Thaddeus Phillips in “17 Border Crossings” at New York Theatre Workshop. Photo by Johanna Austin.

Last night, Thaddeus Phillips’ solo show 17 Border Crossings opened Off-Broadway at New York Theatre Workshop. I had missed the production, a unique hybrid between monologue and performance piece, when it played briefly a few years ago at the Brooklyn Academy of Music as part of the institution’s genre-defying Next Wave Festival. The premise of the work is simple. 17 Border Crossings is essentially a series of short vignettes depicting Mr.

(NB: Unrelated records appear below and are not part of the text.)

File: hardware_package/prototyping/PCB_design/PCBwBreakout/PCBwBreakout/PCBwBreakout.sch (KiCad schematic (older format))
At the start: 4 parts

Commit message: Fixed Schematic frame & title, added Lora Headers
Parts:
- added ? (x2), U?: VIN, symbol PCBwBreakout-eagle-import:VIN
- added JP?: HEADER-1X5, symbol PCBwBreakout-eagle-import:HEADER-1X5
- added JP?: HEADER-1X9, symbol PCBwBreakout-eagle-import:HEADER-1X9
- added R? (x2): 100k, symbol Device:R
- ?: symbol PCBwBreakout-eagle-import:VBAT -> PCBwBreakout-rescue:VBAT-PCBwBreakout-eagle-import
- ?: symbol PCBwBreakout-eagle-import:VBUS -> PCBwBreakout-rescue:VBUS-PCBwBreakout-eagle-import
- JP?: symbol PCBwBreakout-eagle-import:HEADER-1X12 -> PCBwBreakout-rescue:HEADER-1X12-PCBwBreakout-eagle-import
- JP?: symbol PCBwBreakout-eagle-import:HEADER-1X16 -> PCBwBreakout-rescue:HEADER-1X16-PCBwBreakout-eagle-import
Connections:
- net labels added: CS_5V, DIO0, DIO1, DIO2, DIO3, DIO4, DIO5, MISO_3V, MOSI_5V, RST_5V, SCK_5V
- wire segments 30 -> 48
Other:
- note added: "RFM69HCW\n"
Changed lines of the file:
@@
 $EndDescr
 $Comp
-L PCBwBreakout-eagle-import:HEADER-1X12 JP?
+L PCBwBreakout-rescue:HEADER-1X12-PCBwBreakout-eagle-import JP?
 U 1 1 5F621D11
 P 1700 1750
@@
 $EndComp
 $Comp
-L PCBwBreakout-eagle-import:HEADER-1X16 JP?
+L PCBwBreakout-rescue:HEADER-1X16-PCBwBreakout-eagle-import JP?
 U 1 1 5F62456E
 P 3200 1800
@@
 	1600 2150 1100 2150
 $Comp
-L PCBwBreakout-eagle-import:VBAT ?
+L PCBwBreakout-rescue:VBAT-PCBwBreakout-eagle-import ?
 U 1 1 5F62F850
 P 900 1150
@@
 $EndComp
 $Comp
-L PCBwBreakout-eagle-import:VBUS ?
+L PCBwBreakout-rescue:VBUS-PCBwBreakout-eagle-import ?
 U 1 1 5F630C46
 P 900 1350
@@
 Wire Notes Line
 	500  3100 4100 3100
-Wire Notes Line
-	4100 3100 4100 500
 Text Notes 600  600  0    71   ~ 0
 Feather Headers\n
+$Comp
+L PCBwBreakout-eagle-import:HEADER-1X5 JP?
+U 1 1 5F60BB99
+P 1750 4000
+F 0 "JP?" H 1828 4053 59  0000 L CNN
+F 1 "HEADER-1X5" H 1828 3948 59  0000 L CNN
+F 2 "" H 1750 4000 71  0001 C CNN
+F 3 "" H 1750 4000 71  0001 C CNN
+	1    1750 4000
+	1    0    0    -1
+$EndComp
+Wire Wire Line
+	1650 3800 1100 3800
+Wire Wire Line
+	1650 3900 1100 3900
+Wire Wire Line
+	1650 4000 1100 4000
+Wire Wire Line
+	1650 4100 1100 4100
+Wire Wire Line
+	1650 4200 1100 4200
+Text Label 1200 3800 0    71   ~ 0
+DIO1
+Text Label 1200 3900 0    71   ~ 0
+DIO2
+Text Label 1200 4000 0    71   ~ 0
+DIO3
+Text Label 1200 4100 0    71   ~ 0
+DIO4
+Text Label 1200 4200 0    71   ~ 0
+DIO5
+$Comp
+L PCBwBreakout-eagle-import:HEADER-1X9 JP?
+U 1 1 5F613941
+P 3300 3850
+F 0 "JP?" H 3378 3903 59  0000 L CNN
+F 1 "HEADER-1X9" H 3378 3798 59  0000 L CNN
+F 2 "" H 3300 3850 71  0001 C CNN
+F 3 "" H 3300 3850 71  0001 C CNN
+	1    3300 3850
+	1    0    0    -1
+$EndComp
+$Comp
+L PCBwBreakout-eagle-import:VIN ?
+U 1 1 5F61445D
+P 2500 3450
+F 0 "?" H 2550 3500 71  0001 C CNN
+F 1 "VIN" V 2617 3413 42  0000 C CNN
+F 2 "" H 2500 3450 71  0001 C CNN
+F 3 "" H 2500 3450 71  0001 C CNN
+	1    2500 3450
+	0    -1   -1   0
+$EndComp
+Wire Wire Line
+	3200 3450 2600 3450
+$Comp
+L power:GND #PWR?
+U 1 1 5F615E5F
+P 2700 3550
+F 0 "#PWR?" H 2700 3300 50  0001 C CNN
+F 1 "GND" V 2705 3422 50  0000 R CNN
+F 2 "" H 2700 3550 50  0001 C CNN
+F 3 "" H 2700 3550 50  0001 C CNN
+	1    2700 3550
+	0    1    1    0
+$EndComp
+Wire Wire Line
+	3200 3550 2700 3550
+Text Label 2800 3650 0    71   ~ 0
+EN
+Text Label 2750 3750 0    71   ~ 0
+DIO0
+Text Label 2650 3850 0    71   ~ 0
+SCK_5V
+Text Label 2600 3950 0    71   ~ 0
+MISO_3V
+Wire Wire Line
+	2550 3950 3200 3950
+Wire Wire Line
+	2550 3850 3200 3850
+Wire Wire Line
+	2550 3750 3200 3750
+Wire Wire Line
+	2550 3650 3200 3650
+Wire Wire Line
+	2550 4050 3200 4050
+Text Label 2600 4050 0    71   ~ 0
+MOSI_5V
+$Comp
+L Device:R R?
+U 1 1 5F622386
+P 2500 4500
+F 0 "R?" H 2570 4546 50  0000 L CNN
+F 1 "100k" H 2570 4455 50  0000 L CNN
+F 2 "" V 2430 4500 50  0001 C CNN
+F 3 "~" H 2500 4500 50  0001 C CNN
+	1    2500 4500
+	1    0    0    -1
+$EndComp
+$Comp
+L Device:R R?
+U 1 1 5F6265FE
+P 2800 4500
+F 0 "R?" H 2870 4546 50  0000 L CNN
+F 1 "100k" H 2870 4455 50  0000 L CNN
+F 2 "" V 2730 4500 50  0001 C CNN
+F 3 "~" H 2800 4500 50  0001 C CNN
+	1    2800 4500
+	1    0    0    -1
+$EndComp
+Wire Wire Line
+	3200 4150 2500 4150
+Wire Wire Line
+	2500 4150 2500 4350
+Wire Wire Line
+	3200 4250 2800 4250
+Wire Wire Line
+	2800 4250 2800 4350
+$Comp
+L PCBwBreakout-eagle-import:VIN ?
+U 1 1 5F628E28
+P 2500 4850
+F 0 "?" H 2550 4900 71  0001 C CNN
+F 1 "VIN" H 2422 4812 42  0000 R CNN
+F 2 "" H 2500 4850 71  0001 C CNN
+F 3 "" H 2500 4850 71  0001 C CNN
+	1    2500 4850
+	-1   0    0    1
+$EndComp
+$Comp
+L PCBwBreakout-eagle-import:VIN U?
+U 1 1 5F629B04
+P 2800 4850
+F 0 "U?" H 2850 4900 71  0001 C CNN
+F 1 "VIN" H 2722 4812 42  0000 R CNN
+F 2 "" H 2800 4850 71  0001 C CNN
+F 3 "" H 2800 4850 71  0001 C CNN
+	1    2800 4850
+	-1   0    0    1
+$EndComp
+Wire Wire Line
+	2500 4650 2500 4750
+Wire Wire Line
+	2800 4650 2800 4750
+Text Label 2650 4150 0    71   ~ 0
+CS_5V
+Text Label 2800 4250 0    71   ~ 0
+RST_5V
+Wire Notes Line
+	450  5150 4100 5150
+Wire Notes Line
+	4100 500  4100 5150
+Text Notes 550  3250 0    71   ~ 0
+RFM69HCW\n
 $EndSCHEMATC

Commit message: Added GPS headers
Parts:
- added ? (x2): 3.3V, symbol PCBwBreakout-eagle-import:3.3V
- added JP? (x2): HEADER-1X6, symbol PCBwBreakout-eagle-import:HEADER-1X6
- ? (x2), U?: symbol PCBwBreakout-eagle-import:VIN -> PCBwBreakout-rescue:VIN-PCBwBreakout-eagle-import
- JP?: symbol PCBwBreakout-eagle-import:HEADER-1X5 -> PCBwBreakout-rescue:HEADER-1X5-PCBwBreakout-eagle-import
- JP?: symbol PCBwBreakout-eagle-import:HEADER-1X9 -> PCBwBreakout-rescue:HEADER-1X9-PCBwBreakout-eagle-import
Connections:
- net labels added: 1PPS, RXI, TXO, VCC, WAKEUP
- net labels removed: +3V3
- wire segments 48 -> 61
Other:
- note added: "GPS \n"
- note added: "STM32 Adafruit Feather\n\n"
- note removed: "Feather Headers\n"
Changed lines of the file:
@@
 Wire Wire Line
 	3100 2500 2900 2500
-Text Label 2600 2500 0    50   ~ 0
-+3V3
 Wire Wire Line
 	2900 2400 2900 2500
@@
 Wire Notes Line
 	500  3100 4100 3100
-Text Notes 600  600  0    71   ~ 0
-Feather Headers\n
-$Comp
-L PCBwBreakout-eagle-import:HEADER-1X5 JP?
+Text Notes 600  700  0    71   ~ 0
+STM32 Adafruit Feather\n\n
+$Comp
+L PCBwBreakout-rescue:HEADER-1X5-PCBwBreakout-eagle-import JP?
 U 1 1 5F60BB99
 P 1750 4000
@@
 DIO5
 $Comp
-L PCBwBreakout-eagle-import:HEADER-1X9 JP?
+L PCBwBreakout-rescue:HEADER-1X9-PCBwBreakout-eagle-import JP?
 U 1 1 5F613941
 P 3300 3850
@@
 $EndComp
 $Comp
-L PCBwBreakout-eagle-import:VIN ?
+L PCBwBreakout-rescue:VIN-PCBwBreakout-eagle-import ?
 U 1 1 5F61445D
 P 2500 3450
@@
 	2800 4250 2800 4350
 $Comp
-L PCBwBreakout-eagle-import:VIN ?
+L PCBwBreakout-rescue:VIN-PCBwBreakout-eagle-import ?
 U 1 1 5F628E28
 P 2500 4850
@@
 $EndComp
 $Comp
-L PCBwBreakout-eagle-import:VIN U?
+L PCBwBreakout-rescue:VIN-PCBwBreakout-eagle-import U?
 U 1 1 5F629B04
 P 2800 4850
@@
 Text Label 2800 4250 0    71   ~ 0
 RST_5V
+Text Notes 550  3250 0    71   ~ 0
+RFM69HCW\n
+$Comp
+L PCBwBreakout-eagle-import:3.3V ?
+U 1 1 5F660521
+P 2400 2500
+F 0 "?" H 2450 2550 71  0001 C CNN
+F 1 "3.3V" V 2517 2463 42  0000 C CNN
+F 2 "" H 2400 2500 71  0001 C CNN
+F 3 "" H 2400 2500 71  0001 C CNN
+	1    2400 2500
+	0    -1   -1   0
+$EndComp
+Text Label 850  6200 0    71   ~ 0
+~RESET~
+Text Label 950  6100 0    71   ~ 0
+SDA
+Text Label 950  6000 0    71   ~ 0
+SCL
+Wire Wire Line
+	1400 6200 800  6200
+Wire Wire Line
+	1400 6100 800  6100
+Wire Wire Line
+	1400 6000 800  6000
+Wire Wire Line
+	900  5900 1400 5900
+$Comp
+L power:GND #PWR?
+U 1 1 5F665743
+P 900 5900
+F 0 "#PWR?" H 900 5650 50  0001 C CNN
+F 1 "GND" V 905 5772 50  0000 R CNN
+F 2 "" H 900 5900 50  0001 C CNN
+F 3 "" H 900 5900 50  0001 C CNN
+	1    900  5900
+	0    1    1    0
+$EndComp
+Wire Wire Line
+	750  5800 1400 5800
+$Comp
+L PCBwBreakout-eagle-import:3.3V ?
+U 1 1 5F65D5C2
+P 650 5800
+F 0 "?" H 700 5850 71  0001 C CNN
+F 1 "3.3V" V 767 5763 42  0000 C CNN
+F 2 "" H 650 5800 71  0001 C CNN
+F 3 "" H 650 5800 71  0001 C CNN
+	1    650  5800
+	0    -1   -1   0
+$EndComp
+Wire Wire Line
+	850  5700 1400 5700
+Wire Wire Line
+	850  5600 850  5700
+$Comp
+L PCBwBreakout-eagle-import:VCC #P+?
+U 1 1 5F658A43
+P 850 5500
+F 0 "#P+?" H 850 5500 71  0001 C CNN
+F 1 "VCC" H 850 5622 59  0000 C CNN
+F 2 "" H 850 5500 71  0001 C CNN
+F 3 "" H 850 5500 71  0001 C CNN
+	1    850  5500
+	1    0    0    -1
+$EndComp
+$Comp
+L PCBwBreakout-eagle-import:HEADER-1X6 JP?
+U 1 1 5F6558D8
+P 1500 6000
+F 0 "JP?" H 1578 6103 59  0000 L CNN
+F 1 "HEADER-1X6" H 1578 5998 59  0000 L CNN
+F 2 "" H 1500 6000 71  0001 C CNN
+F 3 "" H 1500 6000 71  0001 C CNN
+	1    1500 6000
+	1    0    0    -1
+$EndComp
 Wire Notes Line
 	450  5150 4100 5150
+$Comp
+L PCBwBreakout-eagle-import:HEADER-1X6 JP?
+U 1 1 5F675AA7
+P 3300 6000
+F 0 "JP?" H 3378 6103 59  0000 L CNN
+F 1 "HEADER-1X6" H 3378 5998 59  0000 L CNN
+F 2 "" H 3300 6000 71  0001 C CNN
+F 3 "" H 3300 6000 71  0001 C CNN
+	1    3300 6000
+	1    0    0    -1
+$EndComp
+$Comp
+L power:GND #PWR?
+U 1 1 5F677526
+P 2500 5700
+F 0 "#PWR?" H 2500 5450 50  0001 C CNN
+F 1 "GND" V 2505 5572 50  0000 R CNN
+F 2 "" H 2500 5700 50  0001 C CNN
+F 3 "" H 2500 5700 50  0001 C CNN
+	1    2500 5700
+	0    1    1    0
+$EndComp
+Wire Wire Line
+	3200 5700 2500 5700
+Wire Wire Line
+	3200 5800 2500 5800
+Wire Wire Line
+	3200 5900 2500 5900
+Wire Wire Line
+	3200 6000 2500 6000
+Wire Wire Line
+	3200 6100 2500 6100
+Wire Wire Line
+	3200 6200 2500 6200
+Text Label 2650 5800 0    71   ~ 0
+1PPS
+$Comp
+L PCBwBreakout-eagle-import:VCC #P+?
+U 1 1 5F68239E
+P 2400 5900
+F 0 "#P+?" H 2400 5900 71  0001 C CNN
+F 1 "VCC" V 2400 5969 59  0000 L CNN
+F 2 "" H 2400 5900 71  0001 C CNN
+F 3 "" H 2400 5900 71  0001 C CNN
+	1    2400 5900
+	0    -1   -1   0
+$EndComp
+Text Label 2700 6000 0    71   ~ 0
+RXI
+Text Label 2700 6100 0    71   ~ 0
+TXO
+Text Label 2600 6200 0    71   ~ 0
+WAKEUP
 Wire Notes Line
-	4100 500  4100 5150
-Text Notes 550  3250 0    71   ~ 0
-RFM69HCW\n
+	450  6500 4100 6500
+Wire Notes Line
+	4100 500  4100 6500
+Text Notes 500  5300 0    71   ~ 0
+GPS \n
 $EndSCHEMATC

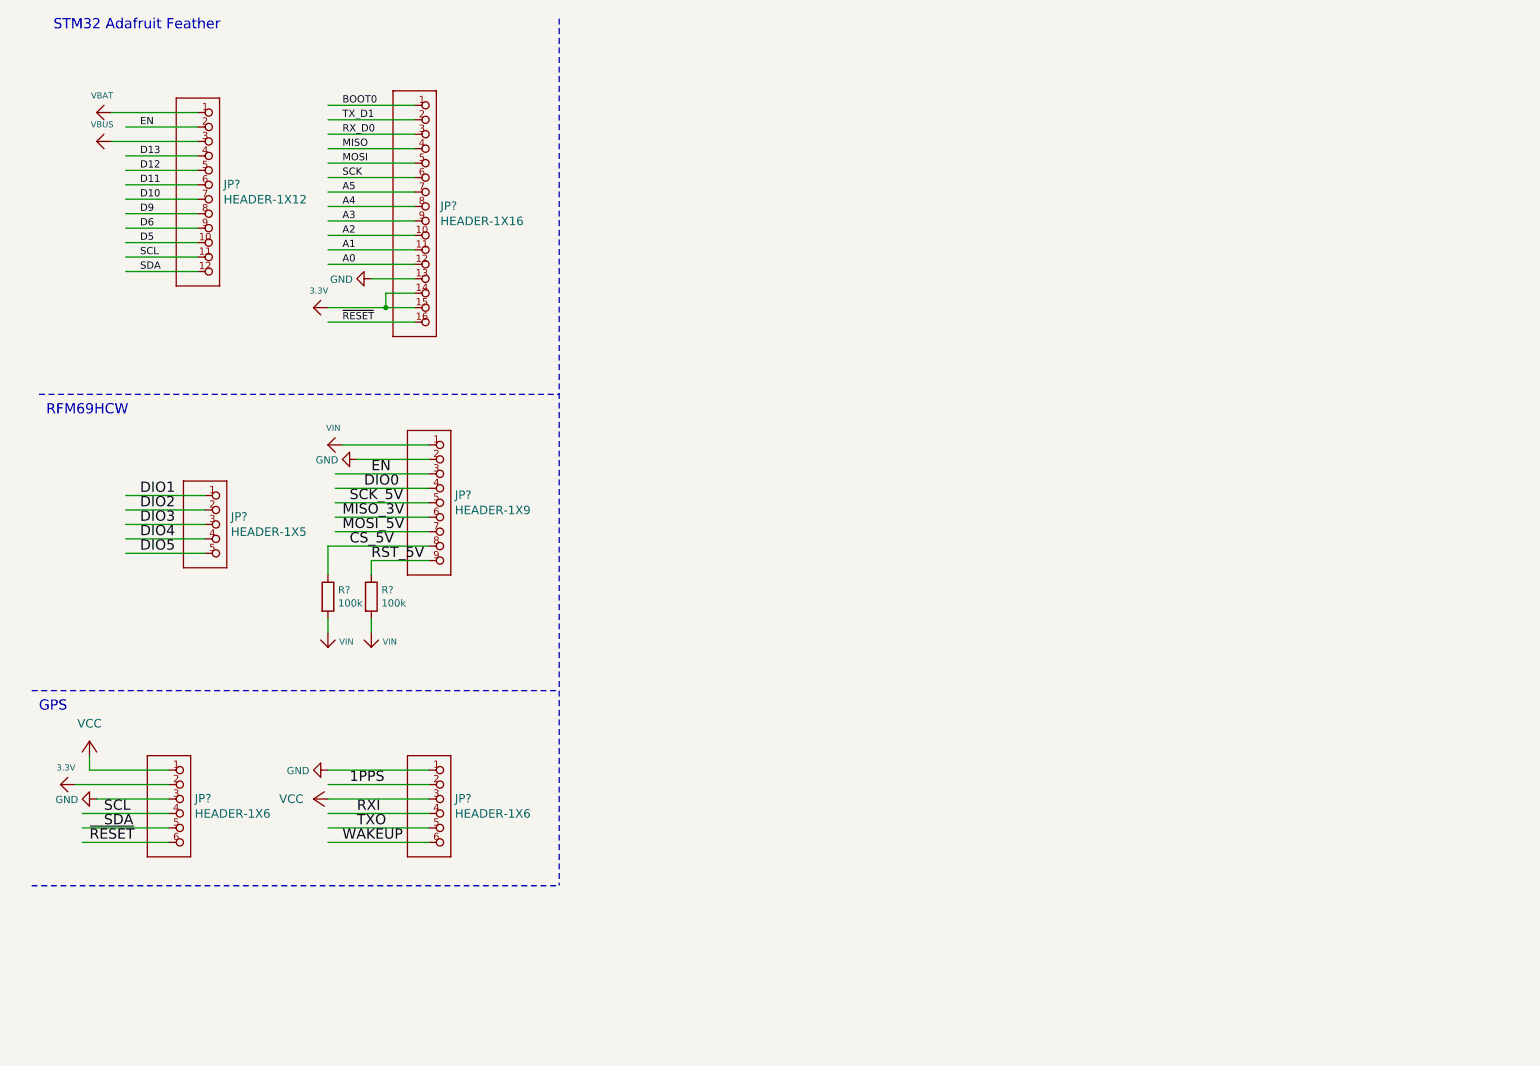
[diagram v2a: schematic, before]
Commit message: Added IMU Headers
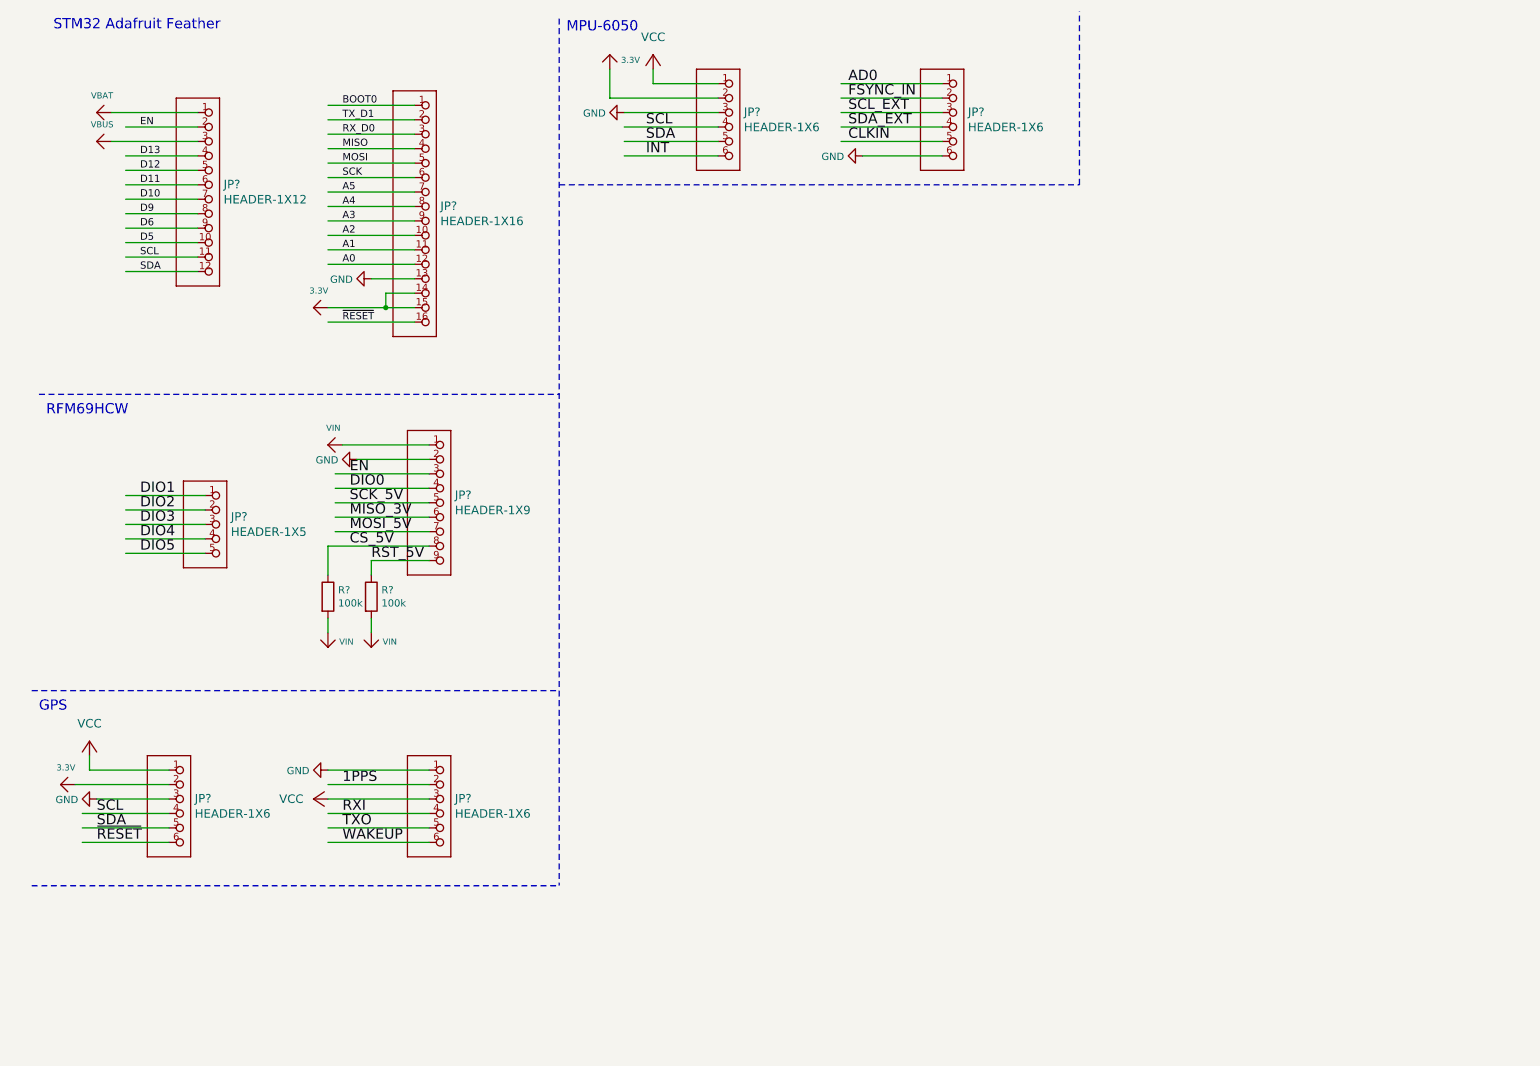
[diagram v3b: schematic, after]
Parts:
- added ?: 3.3V, symbol PCBwBreakout-eagle-import:3.3V
- added JP? (x2): HEADER-1X6, symbol PCBwBreakout-eagle-import:HEADER-1X6
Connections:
- net labels added: AD0, CLKIN, FSYNC_IN, INT, SCL_EXT, SDA_EXT
- wire segments 61 -> 75
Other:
- note added: "MPU-6050\n"
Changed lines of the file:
@@
 Wire Wire Line
 	3200 3550 2700 3550
-Text Label 2800 3650 0    71   ~ 0
+Text Label 2650 3650 0    71   ~ 0
 EN
-Text Label 2750 3750 0    71   ~ 0
+Text Label 2650 3750 0    71   ~ 0
 DIO0
 Text Label 2650 3850 0    71   ~ 0
 SCK_5V
-Text Label 2600 3950 0    71   ~ 0
+Text Label 2650 3950 0    71   ~ 0
 MISO_3V
 Wire Wire Line
@@
 Wire Wire Line
 	2550 4050 3200 4050
-Text Label 2600 4050 0    71   ~ 0
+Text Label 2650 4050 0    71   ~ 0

Phillips’ own experiences crossing national borders – on land, sea, air, and beyond – via various modes of transportation.

Taken as a whole, the play’s text is a quirky and informative – if slightly padded and self-important – examination of what man-made borders represent and how they shape our lives as residents of the world. I was a fan of Red-Eye to Havre de Grace, Mr. Phillips’ riff on the dark final days of Edgar Allan Poe, when it played NYTW four years ago. His work on 17 Border Crossings follows the same formula. Both shows take atypical subject matters and transform them into heightened, visually ravishing theatrical experiences.

Although he’s less compelling as a monologuist, there’s no getting around the fact that Mr. Phillips is a master at painting arresting stage pictures. Indeed, in 17 Border Crossings, he conjures an impressively diverse array of visual perspectives with efficiency and panache. With only a few decidedly low-tech tools at his disposal (a table, a few chairs, and a set of brilliantly and strategically placed lights), both he and director Tatiana Mallarino are able to elegantly, succinctly, and strikingly convey time, place, and space. At its best, 17 Border Crossings is seductive theater.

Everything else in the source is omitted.